Ensure your Prometheus instance is scraping the Kafka controller nodes (not just broker nodes). In Kubernetes with KRaft mode, controllers may run as separate pods (e.g. kafka-kraftcontroller-*) that require their own PodMonitor or ServiceMonitor.

These metric names (kafka_server_brokertopicmetrics_*, kafka_server_replicamanager_*, etc.) are the defaults produced by the Prometheus JMX Exporter with a standard Kafka configuration. If your exporter uses custom relabelling rules that rename these metrics, the queries will return empty results.

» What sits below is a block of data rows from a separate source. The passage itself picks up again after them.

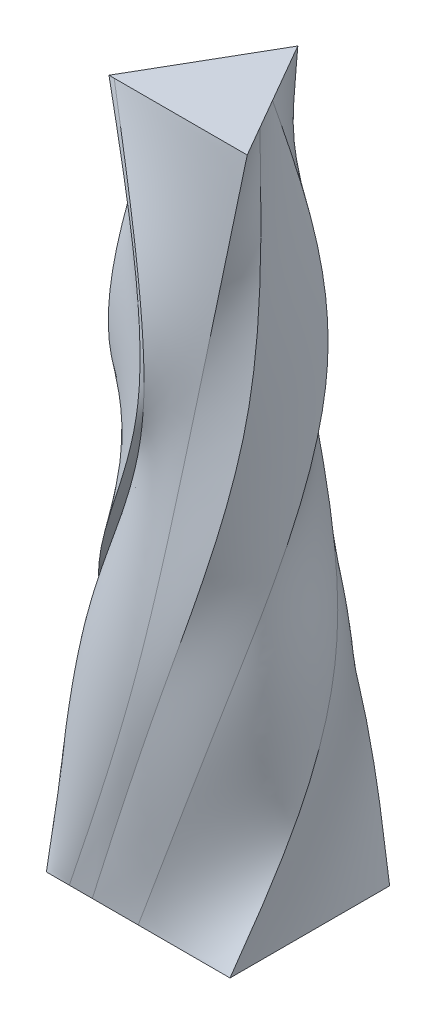
ISO-10303-21;
HEADER;
FILE_DESCRIPTION(('STEP AP214'),'2;1');
FILE_NAME('part.step','',(''),(''),'','','');
FILE_SCHEMA(('AUTOMOTIVE_DESIGN { 1 0 10303 214 1 1 1 1 }'));
ENDSEC;
DATA;
#1=APPLICATION_CONTEXT('core data for automotive mechanical design processes');
#2=APPLICATION_PROTOCOL_DEFINITION('international standard','automotive_design',2000,#1);
#3=PRODUCT_CONTEXT('',#1,'mechanical');
#4=PRODUCT('Part','Part','',(#3));
#5=PRODUCT_RELATED_PRODUCT_CATEGORY('part','',(#4));
#6=PRODUCT_DEFINITION_FORMATION('','',#4);
#7=PRODUCT_DEFINITION_CONTEXT('part definition',#1,'design');
#8=PRODUCT_DEFINITION('design','',#6,#7);
#9=PRODUCT_DEFINITION_SHAPE('','',#8);
#10=(LENGTH_UNIT() NAMED_UNIT(*) SI_UNIT(.MILLI.,.METRE.));
#11=(NAMED_UNIT(*) PLANE_ANGLE_UNIT() SI_UNIT($,.RADIAN.));
#12=(NAMED_UNIT(*) SI_UNIT($,.STERADIAN.) SOLID_ANGLE_UNIT());
#13=UNCERTAINTY_MEASURE_WITH_UNIT(LENGTH_MEASURE(1.E-05),#10,'distance_accuracy_value','');
#14=(GEOMETRIC_REPRESENTATION_CONTEXT(3) GLOBAL_UNCERTAINTY_ASSIGNED_CONTEXT((#13)) GLOBAL_UNIT_ASSIGNED_CONTEXT((#10,
#11,#12)) REPRESENTATION_CONTEXT('',''));
#15=CARTESIAN_POINT('',(0.,0.,0.));
#16=DIRECTION('',(0.,0.,1.));
#17=DIRECTION('',(1.,0.,0.));
#18=AXIS2_PLACEMENT_3D('',#15,#16,#17);
#19=CARTESIAN_POINT('',(0.,300.,0.));
#20=DIRECTION('',(0.,1.,0.));
#21=DIRECTION('',(0.,0.,1.));
#22=AXIS2_PLACEMENT_3D('',#19,#20,#21);
#23=PLANE('',#22);
#24=DIRECTION('',(1.,0.,0.));
#25=VECTOR('',#24,1.);
#26=CARTESIAN_POINT('',(-30.4293232964208,300.,17.5683779964472));
#27=LINE('',#26,#25);
#28=CARTESIAN_POINT('',(-30.4293232964208,300.,17.5683779964472));
#29=VERTEX_POINT('',#28);
#30=CARTESIAN_POINT('',(-28.1470310687837,300.,17.5683779964472));
#31=VERTEX_POINT('',#30);
#32=EDGE_CURVE('E78',#29,#31,#27,.T.);
#33=ORIENTED_EDGE('',*,*,#32,.T.);
#34=CARTESIAN_POINT('',(30.4293232964211,300.,17.5683779964468));
#35=VERTEX_POINT('',#34);
#36=EDGE_CURVE('E505',#31,#35,#27,.T.);
#37=ORIENTED_EDGE('',*,*,#36,.T.);
#38=DIRECTION('',(-0.500000000000004,0.,-0.866025403784436));
#39=VECTOR('',#38,1.);
#40=CARTESIAN_POINT('',(30.4293232964211,300.,17.5683779964468));
#41=LINE('',#40,#39);
#42=CARTESIAN_POINT('',(22.8219924723157,300.,4.39209449911165));
#43=VERTEX_POINT('',#42);
#44=EDGE_CURVE('E330',#35,#43,#41,.T.);
#45=ORIENTED_EDGE('',*,*,#44,.T.);
#46=CARTESIAN_POINT('',(15.2146616482104,300.,-8.78418899822345));
#47=VERTEX_POINT('',#46);
#48=EDGE_CURVE('E86',#43,#47,#41,.T.);
#49=ORIENTED_EDGE('',*,*,#48,.T.);
#50=CARTESIAN_POINT('',(-2.39391839684799E-13,300.,-35.1367559928937));
#51=VERTEX_POINT('',#50);
#52=EDGE_CURVE('E354',#47,#51,#41,.T.);
#53=ORIENTED_EDGE('',*,*,#52,.T.);
#54=DIRECTION('',(-0.499999999999992,0.,0.866025403784443));
#55=VECTOR('',#54,1.);
#56=CARTESIAN_POINT('',(-2.39391839684799E-13,300.,-35.1367559928937));
#57=LINE('',#56,#55);
#58=CARTESIAN_POINT('',(-10.1431077654738,300.,-17.5683779964467));
#59=VERTEX_POINT('',#58);
#60=EDGE_CURVE('E12',#51,#59,#57,.T.);
#61=ORIENTED_EDGE('',*,*,#60,.T.);
#62=CARTESIAN_POINT('',(-20.2862155309473,300.,2.56739074444567E-13));
#63=VERTEX_POINT('',#62);
#64=EDGE_CURVE('E70',#59,#63,#57,.T.);
#65=ORIENTED_EDGE('',*,*,#64,.T.);
#66=EDGE_CURVE('E499',#63,#29,#57,.T.);
#67=ORIENTED_EDGE('',*,*,#66,.T.);
#68=EDGE_LOOP('',(#33,#37,#45,#49,#53,#61,#65,#67));
#69=FACE_BOUND('',#68,.T.);
#70=ADVANCED_FACE('F59',(#69),#23,.T.);
#71=CARTESIAN_POINT('',(0.,0.,0.));
#72=DIRECTION('',(0.,1.,0.));
#73=DIRECTION('',(0.,0.,1.));
#74=AXIS2_PLACEMENT_3D('',#71,#72,#73);
#75=PLANE('',#74);
#76=DIRECTION('',(0.,0.,-1.));
#77=VECTOR('',#76,1.);
#78=CARTESIAN_POINT('',(40.4276188644105,0.,-35.1367559928937));
#79=LINE('',#78,#77);
#80=CARTESIAN_POINT('',(40.4276188644105,0.,35.1367559928937));
#81=VERTEX_POINT('',#80);
#82=CARTESIAN_POINT('',(40.4276188644105,0.,-35.1367559928937));
#83=VERTEX_POINT('',#82);
#84=EDGE_CURVE('E136',#81,#83,#79,.T.);
#85=ORIENTED_EDGE('',*,*,#84,.F.);
#86=DIRECTION('',(1.,0.,0.));
#87=VECTOR('',#86,1.);
#88=CARTESIAN_POINT('',(-40.4276188644105,0.,35.1367559928937));
#89=LINE('',#88,#87);
#90=CARTESIAN_POINT('',(0.,0.,35.1367559928937));
#91=VERTEX_POINT('',#90);
#92=EDGE_CURVE('E159',#91,#81,#89,.T.);
#93=ORIENTED_EDGE('',*,*,#92,.F.);
#94=CARTESIAN_POINT('',(-20.2138094322052,0.,35.1367559928937));
#95=VERTEX_POINT('',#94);
#96=EDGE_CURVE('E415',#95,#91,#89,.T.);
#97=ORIENTED_EDGE('',*,*,#96,.F.);
#98=CARTESIAN_POINT('',(-30.3207141483079,0.,35.1367559928937));
#99=VERTEX_POINT('',#98);
#100=EDGE_CURVE('E434',#99,#95,#89,.T.);
#101=ORIENTED_EDGE('',*,*,#100,.F.);
#102=CARTESIAN_POINT('',(-40.4276188644105,0.,35.1367559928937));
#103=VERTEX_POINT('',#102);
#104=EDGE_CURVE('E294',#103,#99,#89,.T.);
#105=ORIENTED_EDGE('',*,*,#104,.F.);
#106=DIRECTION('',(0.,0.,1.));
#107=VECTOR('',#106,1.);
#108=CARTESIAN_POINT('',(-40.4276188644105,0.,-35.1367559928937));
#109=LINE('',#108,#107);
#110=CARTESIAN_POINT('',(-40.4276188644105,0.,-35.1367559928937));
#111=VERTEX_POINT('',#110);
#112=EDGE_CURVE('E547',#111,#103,#109,.T.);
#113=ORIENTED_EDGE('',*,*,#112,.F.);
#114=DIRECTION('',(-1.,0.,0.));
#115=VECTOR('',#114,1.);
#116=CARTESIAN_POINT('',(-40.4276188644105,0.,-35.1367559928937));
#117=LINE('',#116,#115);
#118=CARTESIAN_POINT('',(0.,0.,-35.1367559928937));
#119=VERTEX_POINT('',#118);
#120=EDGE_CURVE('E139',#119,#111,#117,.T.);
#121=ORIENTED_EDGE('',*,*,#120,.F.);
#122=EDGE_CURVE('E131',#83,#119,#117,.T.);
#123=ORIENTED_EDGE('',*,*,#122,.F.);
#124=EDGE_LOOP('',(#85,#93,#97,#101,#105,#113,#121,#123));
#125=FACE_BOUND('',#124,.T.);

Filtering by cluster (Prometheus)¶

When a single Prometheus instance scrapes multiple Kafka clusters, use filter.labels in apache-kafka-credentials.yaml to scope queries to a specific cluster. See the prometheus field reference for details.

Worked examples¶

# Live polling for 5 minutes, 10s interval (default)
kcp scan clusters --source-type apache-kafka --state-file kcp-state.json \
  --credentials-file apache-kafka-credentials.yaml \
  --metrics jolokia --metrics-duration 5m

# Historical pull from Prometheus, last 30 days
kcp scan clusters --source-type apache-kafka --state-file kcp-state.json \
  --credentials-file apache-kafka-credentials.yaml \
  --metrics prometheus --metrics-range 30d

After either run, inspect the result with kcp ui or generate a metrics report with kcp report metrics.